Wien/Bozen. (rei) Das von der FPÖ ausgehende Regierungsvorhaben, die Südtiroler mit österreichischen Zweitpässen auszustatten, sorgt zwischen Österreich und Italien erneut für gehörige Mißtöne. Am vergangenen Wochenende war in der "Tiroler Tageszeitung" zu lesen, die Regierung beabsichtige, einen entsprechenden Gesetzesentwurf bereits bis 7. September zu finalisieren. In Rom reagierte man umgehend und mit scharfen Worten auf den Bericht: Die Frage der Doppelstaatsbürgerschaft sei von "allen Problemen Europas das letzte Problem, das man aufwerfen hätte sollen", sagte am Montag Italiens Außenminister Enzo Moavero zur italienischen Nachrichtenagentur Ansa. Das Ansinnen der österreichischen Regierung sei eine "sonderbare Initiative".
In Wien ist man nun bemüht, das Vorhaben möglichst zu verschieben. Möglich wäre die De-facto-Staatsbürgerschaft für Südtiroler ohnehin frühestens erst ab 2019, hielt Regierungssprecher Peter Launsky-Tieffenthal am Montag fest. Er stellte den Termin 7. September in Abrede. Dass man hinter den Kulissen an einem Entwurf arbeite, dementierten aber weder Launsky-Tieffenthal noch FPÖ-Außenministerin Karin Kneissl. Letztere legt aber größten Wert darauf zu betonen, dass die Arbeit in enger Abstimmung mit Rom und Bozen geschehe. "Wir sind hier in permanentem Dialog", sagte Kneissl am Dienstag im Ö1-"Morgenjournal". Die Abneigung der Italiener gegen die Pläne ist bei dem Vorhaben allerdings nur eine der Hürden.

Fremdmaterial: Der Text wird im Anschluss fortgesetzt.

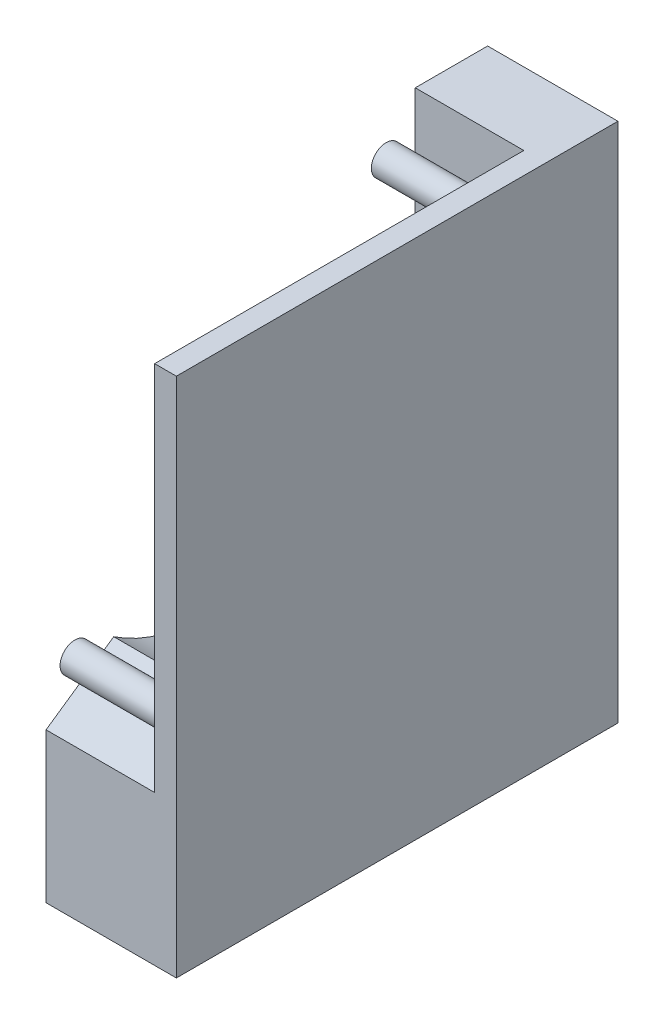
ISO-10303-21;
HEADER;
FILE_DESCRIPTION(('STEP AP214'),'2;1');
FILE_NAME('part.step','',(''),(''),'','','');
FILE_SCHEMA(('AUTOMOTIVE_DESIGN { 1 0 10303 214 1 1 1 1 }'));
ENDSEC;
DATA;
#1=APPLICATION_CONTEXT('core data for automotive mechanical design processes');
#2=APPLICATION_PROTOCOL_DEFINITION('international standard','automotive_design',2000,#1);
#3=PRODUCT_CONTEXT('',#1,'mechanical');
#4=PRODUCT('Part','Part','',(#3));
#5=PRODUCT_RELATED_PRODUCT_CATEGORY('part','',(#4));
#6=PRODUCT_DEFINITION_FORMATION('','',#4);
#7=PRODUCT_DEFINITION_CONTEXT('part definition',#1,'design');
#8=PRODUCT_DEFINITION('design','',#6,#7);
#9=PRODUCT_DEFINITION_SHAPE('','',#8);
#10=(LENGTH_UNIT() NAMED_UNIT(*) SI_UNIT(.MILLI.,.METRE.));
#11=(NAMED_UNIT(*) PLANE_ANGLE_UNIT() SI_UNIT($,.RADIAN.));
#12=(NAMED_UNIT(*) SI_UNIT($,.STERADIAN.) SOLID_ANGLE_UNIT());
#13=UNCERTAINTY_MEASURE_WITH_UNIT(LENGTH_MEASURE(1.E-05),#10,'distance_accuracy_value','');
#14=(GEOMETRIC_REPRESENTATION_CONTEXT(3) GLOBAL_UNCERTAINTY_ASSIGNED_CONTEXT((#13)) GLOBAL_UNIT_ASSIGNED_CONTEXT((#10,
#11,#12)) REPRESENTATION_CONTEXT('',''));
#15=CARTESIAN_POINT('',(0.,0.,0.));
#16=DIRECTION('',(0.,0.,1.));
#17=DIRECTION('',(1.,0.,0.));
#18=AXIS2_PLACEMENT_3D('',#15,#16,#17);
#19=CARTESIAN_POINT('',(-18.,0.,0.));
#20=DIRECTION('',(0.,-1.,0.));
#21=DIRECTION('',(0.,0.,-1.));
#22=AXIS2_PLACEMENT_3D('',#19,#20,#21);
#23=PLANE('',#22);
#24=CARTESIAN_POINT('',(-10.5,0.,6.51810953168023));
#25=DIRECTION('',(0.,-1.,0.));
#26=DIRECTION('',(0.,0.,-1.));
#27=AXIS2_PLACEMENT_3D('',#24,#25,#26);
#28=CIRCLE('',#27,2.94999999999999);
#29=CARTESIAN_POINT('',(-10.5,0.,3.56810953168023));
#30=VERTEX_POINT('',#29);
#31=EDGE_CURVE('E260',#30,#30,#28,.F.);
#32=ORIENTED_EDGE('',*,*,#31,.T.);
#33=EDGE_LOOP('',(#32));
#34=FACE_BOUND('',#33,.T.);
#35=CARTESIAN_POINT('',(-10.5,0.,32.5181095316802));
#36=DIRECTION('',(0.,-1.,0.));
#37=DIRECTION('',(0.,0.,-1.));
#38=AXIS2_PLACEMENT_3D('',#35,#36,#37);
#39=CIRCLE('',#38,2.95000000000003);
#40=CARTESIAN_POINT('',(-10.5,0.,29.5681095316802));
#41=VERTEX_POINT('',#40);
#42=EDGE_CURVE('E257',#41,#41,#39,.F.);
#43=ORIENTED_EDGE('',*,*,#42,.T.);
#44=EDGE_LOOP('',(#43));
#45=FACE_BOUND('',#44,.T.);
#46=DIRECTION('',(0.,0.,-1.));
#47=VECTOR('',#46,1.);
#48=CARTESIAN_POINT('',(-18.,0.,0.));
#49=LINE('',#48,#47);
#50=CARTESIAN_POINT('',(-18.,0.,61.));
#51=VERTEX_POINT('',#50);
#52=CARTESIAN_POINT('',(-18.,0.,28.5181095316802));
#53=VERTEX_POINT('',#52);
#54=EDGE_CURVE('E233',#51,#53,#49,.T.);
#55=ORIENTED_EDGE('',*,*,#54,.T.);
#56=DIRECTION('',(-1.,0.,0.));
#57=VECTOR('',#56,1.);
#58=CARTESIAN_POINT('',(-17.,0.,28.5181095316802));
#59=LINE('',#58,#57);
#60=CARTESIAN_POINT('',(-4.,0.,28.5181095316802));
#61=VERTEX_POINT('',#60);
#62=EDGE_CURVE('E156',#61,#53,#59,.T.);
#63=ORIENTED_EDGE('',*,*,#62,.F.);
#64=DIRECTION('',(0.,0.,1.));
#65=VECTOR('',#64,1.);
#66=CARTESIAN_POINT('',(-4.,0.,28.5181095316802));
#67=LINE('',#66,#65);
#68=CARTESIAN_POINT('',(-4.,0.,10.5181095316802));
#69=VERTEX_POINT('',#68);
#70=EDGE_CURVE('E216',#69,#61,#67,.T.);
#71=ORIENTED_EDGE('',*,*,#70,.F.);
#72=DIRECTION('',(1.,0.,0.));
#73=VECTOR('',#72,1.);
#74=CARTESIAN_POINT('',(-17.,0.,10.5181095316802));
#75=LINE('',#74,#73);
#76=CARTESIAN_POINT('',(-18.,0.,10.5181095316802));
#77=VERTEX_POINT('',#76);
#78=EDGE_CURVE('E211',#77,#69,#75,.T.);
#79=ORIENTED_EDGE('',*,*,#78,.F.);
#80=CARTESIAN_POINT('',(-18.,0.,0.));
#81=VERTEX_POINT('',#80);
#82=EDGE_CURVE('E163',#77,#81,#49,.T.);
#83=ORIENTED_EDGE('',*,*,#82,.T.);
#84=DIRECTION('',(1.,0.,0.));
#85=VECTOR('',#84,1.);
#86=CARTESIAN_POINT('',(-18.,0.,0.));
#87=LINE('',#86,#85);
#88=CARTESIAN_POINT('',(0.,0.,0.));
#89=VERTEX_POINT('',#88);
#90=EDGE_CURVE('E247',#81,#89,#87,.T.);
#91=ORIENTED_EDGE('',*,*,#90,.T.);
#92=DIRECTION('',(0.,0.,-1.));
#93=VECTOR('',#92,1.);
#94=CARTESIAN_POINT('',(0.,0.,0.));
#95=LINE('',#94,#93);
#96=CARTESIAN_POINT('',(0.,0.,61.));
#97=VERTEX_POINT('',#96);
#98=EDGE_CURVE('E228',#97,#89,#95,.T.);
#99=ORIENTED_EDGE('',*,*,#98,.F.);
#100=DIRECTION('',(1.,0.,0.));
#101=VECTOR('',#100,1.);
#102=CARTESIAN_POINT('',(-18.,0.,61.));
#103=LINE('',#102,#101);
#104=EDGE_CURVE('E250',#51,#97,#103,.T.);
#105=ORIENTED_EDGE('',*,*,#104,.F.);
#106=EDGE_LOOP('',(#55,#63,#71,#79,#83,#91,#99,#105));
#107=FACE_BOUND('',#106,.T.);
#108=ADVANCED_FACE('F37',(#34,#45,#107),#23,.T.);
#109=CARTESIAN_POINT('',(-18.,0.,0.));
#110=DIRECTION('',(1.,0.,0.));
#111=DIRECTION('',(0.,0.,-1.));
#112=AXIS2_PLACEMENT_3D('',#109,#110,#111);
#113=PLANE('',#112);
#114=DIRECTION('',(0.,1.,0.));
#115=VECTOR('',#114,1.);
#116=CARTESIAN_POINT('',(-18.,0.,28.5181095316802));
#117=LINE('',#116,#115);
#118=CARTESIAN_POINT('',(-18.,20.,28.5181095316802));
#119=VERTEX_POINT('',#118);
#120=EDGE_CURVE('E165',#53,#119,#117,.T.);
#121=ORIENTED_EDGE('',*,*,#120,.F.);
#122=ORIENTED_EDGE('',*,*,#54,.F.);
#123=DIRECTION('',(0.,-1.,0.));
#124=VECTOR('',#123,1.);
#125=CARTESIAN_POINT('',(-18.,0.,61.));
#126=LINE('',#125,#124);
#127=CARTESIAN_POINT('',(-18.,20.6918016307706,61.));
#128=VERTEX_POINT('',#127);
#129=EDGE_CURVE('E231',#128,#51,#126,.T.);
#130=ORIENTED_EDGE('',*,*,#129,.F.);
#131=DIRECTION('',(0.,-0.568928608917866,0.822386914994871));
#132=VECTOR('',#131,1.);
#133=CARTESIAN_POINT('',(-18.,27.1587797976396,51.6519761168165));
#134=LINE('',#133,#132);
#135=CARTESIAN_POINT('',(-18.,27.1587797976396,51.6519761168165));
#136=VERTEX_POINT('',#135);
#137=EDGE_CURVE('E380',#136,#128,#134,.T.);
#138=ORIENTED_EDGE('',*,*,#137,.F.);
#139=CARTESIAN_POINT('',(-18.,46.0808904616471,38.9645477243318));
#140=DIRECTION('',(-1.,0.,0.));
#141=DIRECTION('',(0.,0.,1.));
#142=AXIS2_PLACEMENT_3D('',#139,#140,#141);
#143=CIRCLE('',#142,22.7819470457504);
#144=CARTESIAN_POINT('',(-18.,24.3517281693415,32.1190662021875));
#145=VERTEX_POINT('',#144);
#146=EDGE_CURVE('E382',#145,#136,#143,.T.);
#147=ORIENTED_EDGE('',*,*,#146,.F.);
#148=CARTESIAN_POINT('',(-18.,22.4441508890792,31.5181095316802));
#149=DIRECTION('',(1.,0.,0.));
#150=DIRECTION('',(0.,0.,-1.));
#151=AXIS2_PLACEMENT_3D('',#148,#149,#150);
#152=CIRCLE('',#151,1.99999999999999);
#153=CARTESIAN_POINT('',(-18.,22.4441508890792,29.5181095316802));
#154=VERTEX_POINT('',#153);
#155=EDGE_CURVE('E172',#154,#145,#152,.T.);
#156=ORIENTED_EDGE('',*,*,#155,.F.);
#157=DIRECTION('',(0.,1.,0.));
#158=VECTOR('',#157,1.);
#159=CARTESIAN_POINT('',(-18.,20.,29.5181095316802));
#160=LINE('',#159,#158);
#161=CARTESIAN_POINT('',(-18.,20.,29.5181095316802));
#162=VERTEX_POINT('',#161);
#163=EDGE_CURVE('E169',#162,#154,#160,.T.);
#164=ORIENTED_EDGE('',*,*,#163,.F.);
#165=DIRECTION('',(0.,0.,1.));
#166=VECTOR('',#165,1.);
#167=CARTESIAN_POINT('',(-18.,20.,9.99999999999996));
#168=LINE('',#167,#166);
#169=EDGE_CURVE('E164',#119,#162,#168,.T.);
#170=ORIENTED_EDGE('',*,*,#169,.F.);
#171=EDGE_LOOP('',(#121,#122,#130,#138,#147,#156,#164,#170));
#172=FACE_BOUND('',#171,.T.);
#173=ADVANCED_FACE('F312',(#172),#113,.F.);
#174=DIRECTION('',(0.,-1.,0.));
#175=VECTOR('',#174,1.);
#176=CARTESIAN_POINT('',(-18.,0.,10.5181095316802));
#177=LINE('',#176,#175);
#178=CARTESIAN_POINT('',(-18.,20.,10.5181095316802));
#179=VERTEX_POINT('',#178);
#180=EDGE_CURVE('E150',#179,#77,#177,.T.);
#181=ORIENTED_EDGE('',*,*,#180,.F.);
#182=CARTESIAN_POINT('',(-18.,20.,9.99999999999996));
#183=VERTEX_POINT('',#182);
#184=EDGE_CURVE('E161',#183,#179,#168,.T.);
#185=ORIENTED_EDGE('',*,*,#184,.F.);
#186=DIRECTION('',(0.,-1.,0.));
#187=VECTOR('',#186,1.);
#188=CARTESIAN_POINT('',(-18.,20.,9.99999999999996));
#189=LINE('',#188,#187);
#190=CARTESIAN_POINT('',(-18.,72.,9.99999999999996));
#191=VERTEX_POINT('',#190);
#192=EDGE_CURVE('E61',#191,#183,#189,.T.);
#193=ORIENTED_EDGE('',*,*,#192,.F.);
#194=DIRECTION('',(0.,0.,1.));
#195=VECTOR('',#194,1.);
#196=CARTESIAN_POINT('',(-18.,72.,0.));
#197=LINE('',#196,#195);
#198=CARTESIAN_POINT('',(-18.,72.,0.));
#199=VERTEX_POINT('',#198);
#200=EDGE_CURVE('E227',#199,#191,#197,.T.);
#201=ORIENTED_EDGE('',*,*,#200,.F.);
#202=DIRECTION('',(0.,1.,0.));
#203=VECTOR('',#202,1.);
#204=CARTESIAN_POINT('',(-18.,0.,0.));
#205=LINE('',#204,#203);
#206=EDGE_CURVE('E224',#81,#199,#205,.T.);
#207=ORIENTED_EDGE('',*,*,#206,.F.);
#208=ORIENTED_EDGE('',*,*,#82,.F.);
#209=EDGE_LOOP('',(#181,#185,#193,#201,#207,#208));
#210=FACE_BOUND('',#209,.T.);
#211=ADVANCED_FACE('F160',(#210),#113,.F.);
#212=CARTESIAN_POINT('',(73.5391052434009,20.,9.99999999999996));
#213=DIRECTION('',(0.,-1.,0.));
#214=DIRECTION('',(0.,0.,-1.));
#215=AXIS2_PLACEMENT_3D('',#212,#213,#214);
#216=PLANE('',#215);
#217=DIRECTION('',(-1.,0.,0.));
#218=VECTOR('',#217,1.);
#219=CARTESIAN_POINT('',(-17.,20.,28.5181095316802));
#220=LINE('',#219,#218);
#221=CARTESIAN_POINT('',(-4.,20.,28.5181095316802));
#222=VERTEX_POINT('',#221);
#223=EDGE_CURVE('E53',#222,#119,#220,.T.);
#224=ORIENTED_EDGE('',*,*,#223,.T.);
#225=ORIENTED_EDGE('',*,*,#169,.T.);
#226=DIRECTION('',(-1.,0.,0.));
#227=VECTOR('',#226,1.);
#228=CARTESIAN_POINT('',(73.5391052434009,20.,29.5181095316802));
#229=LINE('',#228,#227);
#230=CARTESIAN_POINT('',(-3.,20.,29.5181095316802));
#231=VERTEX_POINT('',#230);
#232=EDGE_CURVE('E183',#231,#162,#229,.T.);
#233=ORIENTED_EDGE('',*,*,#232,.F.);
#234=DIRECTION('',(0.,0.,1.));
#235=VECTOR('',#234,1.);
#236=CARTESIAN_POINT('',(-3.,20.,9.99999999999996));
#237=LINE('',#236,#235);
#238=CARTESIAN_POINT('',(-3.,20.,9.99999999999996));
#239=VERTEX_POINT('',#238);
#240=EDGE_CURVE('E180',#239,#231,#237,.T.);
#241=ORIENTED_EDGE('',*,*,#240,.F.);
#242=DIRECTION('',(-1.,0.,0.));
#243=VECTOR('',#242,1.);
#244=CARTESIAN_POINT('',(73.5391052434009,20.,9.99999999999996));
#245=LINE('',#244,#243);
#246=EDGE_CURVE('E168',#239,#183,#245,.T.);
#247=ORIENTED_EDGE('',*,*,#246,.T.);
#248=ORIENTED_EDGE('',*,*,#184,.T.);
#249=DIRECTION('',(1.,0.,0.));
#250=VECTOR('',#249,1.);
#251=CARTESIAN_POINT('',(-17.,20.,10.5181095316802));
#252=LINE('',#251,#250);
#253=CARTESIAN_POINT('',(-4.,20.,10.5181095316802));
#254=VERTEX_POINT('',#253);
#255=EDGE_CURVE('E146',#179,#254,#252,.T.);
#256=ORIENTED_EDGE('',*,*,#255,.T.);
#257=DIRECTION('',(0.,0.,1.));
#258=VECTOR('',#257,1.);
#259=CARTESIAN_POINT('',(-4.,20.,28.5181095316802));
#260=LINE('',#259,#258);
#261=EDGE_CURVE('E155',#254,#222,#260,.T.);
#262=ORIENTED_EDGE('',*,*,#261,.T.);
#263=EDGE_LOOP('',(#224,#225,#233,#241,#247,#248,#256,#262));
#264=FACE_BOUND('',#263,.T.);
#265=ADVANCED_FACE('F167',(#264),#216,.F.);
#266=CARTESIAN_POINT('',(-18.,0.,0.));
#267=DIRECTION('',(0.,0.,-1.));
#268=DIRECTION('',(-1.,0.,0.));
#269=AXIS2_PLACEMENT_3D('',#266,#267,#268);
#270=PLANE('',#269);
#271=DIRECTION('',(0.,1.,0.));
#272=VECTOR('',#271,1.);
#273=CARTESIAN_POINT('',(0.,0.,0.));
#274=LINE('',#273,#272);
#275=CARTESIAN_POINT('',(0.,72.,0.));
#276=VERTEX_POINT('',#275);
#277=EDGE_CURVE('E222',#89,#276,#274,.T.);
#278=ORIENTED_EDGE('',*,*,#277,.F.);
#279=ORIENTED_EDGE('',*,*,#90,.F.);
#280=ORIENTED_EDGE('',*,*,#206,.T.);
#281=DIRECTION('',(1.,0.,0.));
#282=VECTOR('',#281,1.);
#283=CARTESIAN_POINT('',(-18.,72.,0.));
#284=LINE('',#283,#282);
#285=EDGE_CURVE('E236',#199,#276,#284,.T.);
#286=ORIENTED_EDGE('',*,*,#285,.T.);
#287=EDGE_LOOP('',(#278,#279,#280,#286));
#288=FACE_BOUND('',#287,.T.);
#289=ADVANCED_FACE('F296',(#288),#270,.T.);
#290=CARTESIAN_POINT('',(-18.,0.,61.));
#291=DIRECTION('',(0.,0.,1.));
#292=DIRECTION('',(1.,0.,0.));
#293=AXIS2_PLACEMENT_3D('',#290,#291,#292);
#294=PLANE('',#293);
#295=DIRECTION('',(0.,1.,0.));
#296=VECTOR('',#295,1.);
#297=CARTESIAN_POINT('',(-3.,0.,61.));
#298=LINE('',#297,#296);
#299=CARTESIAN_POINT('',(-3.,20.6918016307706,61.));
#300=VERTEX_POINT('',#299);
#301=CARTESIAN_POINT('',(-3.,72.,61.));
#302=VERTEX_POINT('',#301);
#303=EDGE_CURVE('E210',#300,#302,#298,.T.);
#304=ORIENTED_EDGE('',*,*,#303,.F.);
#305=DIRECTION('',(1.,0.,0.));
#306=VECTOR('',#305,1.);
#307=CARTESIAN_POINT('',(-18.,20.6918016307706,61.));
#308=LINE('',#307,#306);
#309=EDGE_CURVE('E208',#128,#300,#308,.T.);
#310=ORIENTED_EDGE('',*,*,#309,.F.);
#311=ORIENTED_EDGE('',*,*,#129,.T.);
#312=ORIENTED_EDGE('',*,*,#104,.T.);
#313=DIRECTION('',(0.,-1.,0.));
#314=VECTOR('',#313,1.);
#315=CARTESIAN_POINT('',(0.,0.,61.));
#316=LINE('',#315,#314);
#317=CARTESIAN_POINT('',(0.,72.,61.));
#318=VERTEX_POINT('',#317);
#319=EDGE_CURVE('E242',#318,#97,#316,.T.);
#320=ORIENTED_EDGE('',*,*,#319,.F.);
#321=DIRECTION('',(1.,0.,0.));
#322=VECTOR('',#321,1.);
#323=CARTESIAN_POINT('',(-18.,72.,61.));
#324=LINE('',#323,#322);
#325=EDGE_CURVE('E252',#302,#318,#324,.T.);
#326=ORIENTED_EDGE('',*,*,#325,.F.);
#327=EDGE_LOOP('',(#304,#310,#311,#312,#320,#326));
#328=FACE_BOUND('',#327,.T.);
#329=ADVANCED_FACE('F287',(#328),#294,.T.);
#330=CARTESIAN_POINT('',(-18.,72.,0.));
#331=DIRECTION('',(0.,1.,0.));
#332=DIRECTION('',(0.,0.,1.));
#333=AXIS2_PLACEMENT_3D('',#330,#331,#332);
#334=PLANE('',#333);
#335=DIRECTION('',(0.,0.,-1.));
#336=VECTOR('',#335,1.);
#337=CARTESIAN_POINT('',(-3.,72.,9.99999999999996));
#338=LINE('',#337,#336);
#339=CARTESIAN_POINT('',(-3.,72.,9.99999999999996));
#340=VERTEX_POINT('',#339);
#341=EDGE_CURVE('E188',#302,#340,#338,.T.);
#342=ORIENTED_EDGE('',*,*,#341,.F.);
#343=ORIENTED_EDGE('',*,*,#325,.T.);
#344=DIRECTION('',(0.,0.,1.));
#345=VECTOR('',#344,1.);
#346=CARTESIAN_POINT('',(0.,72.,0.));
#347=LINE('',#346,#345);
#348=EDGE_CURVE('E239',#276,#318,#347,.T.);
#349=ORIENTED_EDGE('',*,*,#348,.F.);
#350=ORIENTED_EDGE('',*,*,#285,.F.);
#351=ORIENTED_EDGE('',*,*,#200,.T.);
#352=DIRECTION('',(-1.,0.,0.));
#353=VECTOR('',#352,1.);
#354=CARTESIAN_POINT('',(73.5391052434009,72.,9.99999999999996));
#355=LINE('',#354,#353);
#356=EDGE_CURVE('E187',#340,#191,#355,.T.);
#357=ORIENTED_EDGE('',*,*,#356,.F.);
#358=EDGE_LOOP('',(#342,#343,#349,#350,#351,#357));
#359=FACE_BOUND('',#358,.T.);
#360=ADVANCED_FACE('F284',(#359),#334,.T.);
#361=CARTESIAN_POINT('',(0.,0.,0.));
#362=DIRECTION('',(1.,0.,0.));
#363=DIRECTION('',(0.,0.,-1.));
#364=AXIS2_PLACEMENT_3D('',#361,#362,#363);
#365=PLANE('',#364);
#366=ORIENTED_EDGE('',*,*,#277,.T.);
#367=ORIENTED_EDGE('',*,*,#348,.T.);
#368=ORIENTED_EDGE('',*,*,#319,.T.);
#369=ORIENTED_EDGE('',*,*,#98,.T.);
#370=EDGE_LOOP('',(#366,#367,#368,#369));
#371=FACE_BOUND('',#370,.T.);
#372=ADVANCED_FACE('F291',(#371),#365,.T.);
#373=CARTESIAN_POINT('',(-17.,20.,28.5181095316802));
#374=DIRECTION('',(0.,0.,1.));
#375=DIRECTION('',(0.,-1.,0.));
#376=AXIS2_PLACEMENT_3D('',#373,#374,#375);
#377=PLANE('',#376);
#378=ORIENTED_EDGE('',*,*,#62,.T.);
#379=ORIENTED_EDGE('',*,*,#120,.T.);
#380=ORIENTED_EDGE('',*,*,#223,.F.);
#381=DIRECTION('',(0.,-1.,0.));
#382=VECTOR('',#381,1.);
#383=CARTESIAN_POINT('',(-4.,20.,28.5181095316802));
#384=LINE('',#383,#382);
#385=EDGE_CURVE('E220',#222,#61,#384,.T.);
#386=ORIENTED_EDGE('',*,*,#385,.T.);
#387=EDGE_LOOP('',(#378,#379,#380,#386));
#388=FACE_BOUND('',#387,.T.);
#389=ADVANCED_FACE('F304',(#388),#377,.F.);
#390=CARTESIAN_POINT('',(-4.,20.,28.5181095316802));
#391=DIRECTION('',(1.,0.,0.));
#392=DIRECTION('',(0.,0.,-1.));
#393=AXIS2_PLACEMENT_3D('',#390,#391,#392);
#394=PLANE('',#393);
#395=ORIENTED_EDGE('',*,*,#70,.T.);
#396=ORIENTED_EDGE('',*,*,#385,.F.);
#397=ORIENTED_EDGE('',*,*,#261,.F.);
#398=DIRECTION('',(0.,-1.,0.));
#399=VECTOR('',#398,1.);
#400=CARTESIAN_POINT('',(-4.,20.,10.5181095316802));
#401=LINE('',#400,#399);
#402=EDGE_CURVE('E152',#254,#69,#401,.T.);
#403=ORIENTED_EDGE('',*,*,#402,.T.);
#404=EDGE_LOOP('',(#395,#396,#397,#403));
#405=FACE_BOUND('',#404,.T.);
#406=ADVANCED_FACE('F302',(#405),#394,.F.);
#407=CARTESIAN_POINT('',(-17.,20.,10.5181095316802));
#408=DIRECTION('',(0.,0.,-1.));
#409=DIRECTION('',(0.,1.,0.));
#410=AXIS2_PLACEMENT_3D('',#407,#408,#409);
#411=PLANE('',#410);
#412=ORIENTED_EDGE('',*,*,#78,.T.);
#413=ORIENTED_EDGE('',*,*,#402,.F.);
#414=ORIENTED_EDGE('',*,*,#255,.F.);
#415=ORIENTED_EDGE('',*,*,#180,.T.);
#416=EDGE_LOOP('',(#412,#413,#414,#415));
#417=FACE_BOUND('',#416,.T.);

Für Arno Kopatscher, Südtirols SVP-Landeshauptmann und damit Parteifreund von Bundeskanzler Sebastian Kurz, ist nämlich vor allem die Frage zentral, wer in Südtirol eigentlich anspruchsberechtigt für einen österreichischen Pass wäre. Dass sei nämlich keineswegs einfach, sagte Kompatscher am Dienstag.
Schutzfunktion Österreichs
Aktuell laufe alles darauf hinaus, dass all jene Personengruppen, für die die Schutzfunktion Österreichs im Sinne des Pariser Vertrages (Gruber-De-Gasperi-Abkommen 1946 zwischen Italien und Österreich) gilt, die Möglichkeit bekommen, neben der italienischen auch die österreichische Staatsbürgerschaft anzunehmen. Dies betreffe vor allem die deutschsprachige sowie die ladinische Minderheit in Südtirol. Die italienischsprachigen Südtiroler wären somit ausgenommen. Nach wie vor aber sei eine Entscheidung ausständig, so Kompatscher, der für die Empörung in Rom die Bundesregierung und ihre Vorgangsweise verantwortlich sieht. Im Gesetz sieht er eher einen "symbolischen" Ausdruck der Verbundenheit der dann Anspruchsberechtigten mit Österreich, keineswegs gehe es um eine Ausweitung der Schutzrolle Österreichs oder gar um eine Veränderung des Autonomiestatus.
"Innerstaatliches Recht"
Mit Italien sieht Kompatscher allerdings trotz der Mißtöne eine prinzipielle Verhandlungsmöglichkeit. Vor allem die populistische Fünf-Sterne-Bewegung drängt aber in Rom darauf, das Vorhaben der Österreicher zu vereiteln. Sollte das Gesetz dennoch kommen, würden jene, die einen österreichischen Pass annehmen, die italienische Staatsbürgerschaft verlieren, so deren Chefin Giorgia Meloni.
Fraglich ist indes, ob es in Südtirol überhaupt Bedarf an der Möglichkeit einer Doppelstaatsbürgerschaft gibt. Repräsentative Umfragen dazu liegen aktuell noch nicht vor. Eine Notwendigkeit, die Südtiroler zu fragen, ob sie mit der bisherigen Regelung zufrieden sind oder den österreichischen Vorstoß begrüßen würden, sieht Kompatscher nicht: Schließlich handle es sich um "innerstaatliches Recht in Österreich".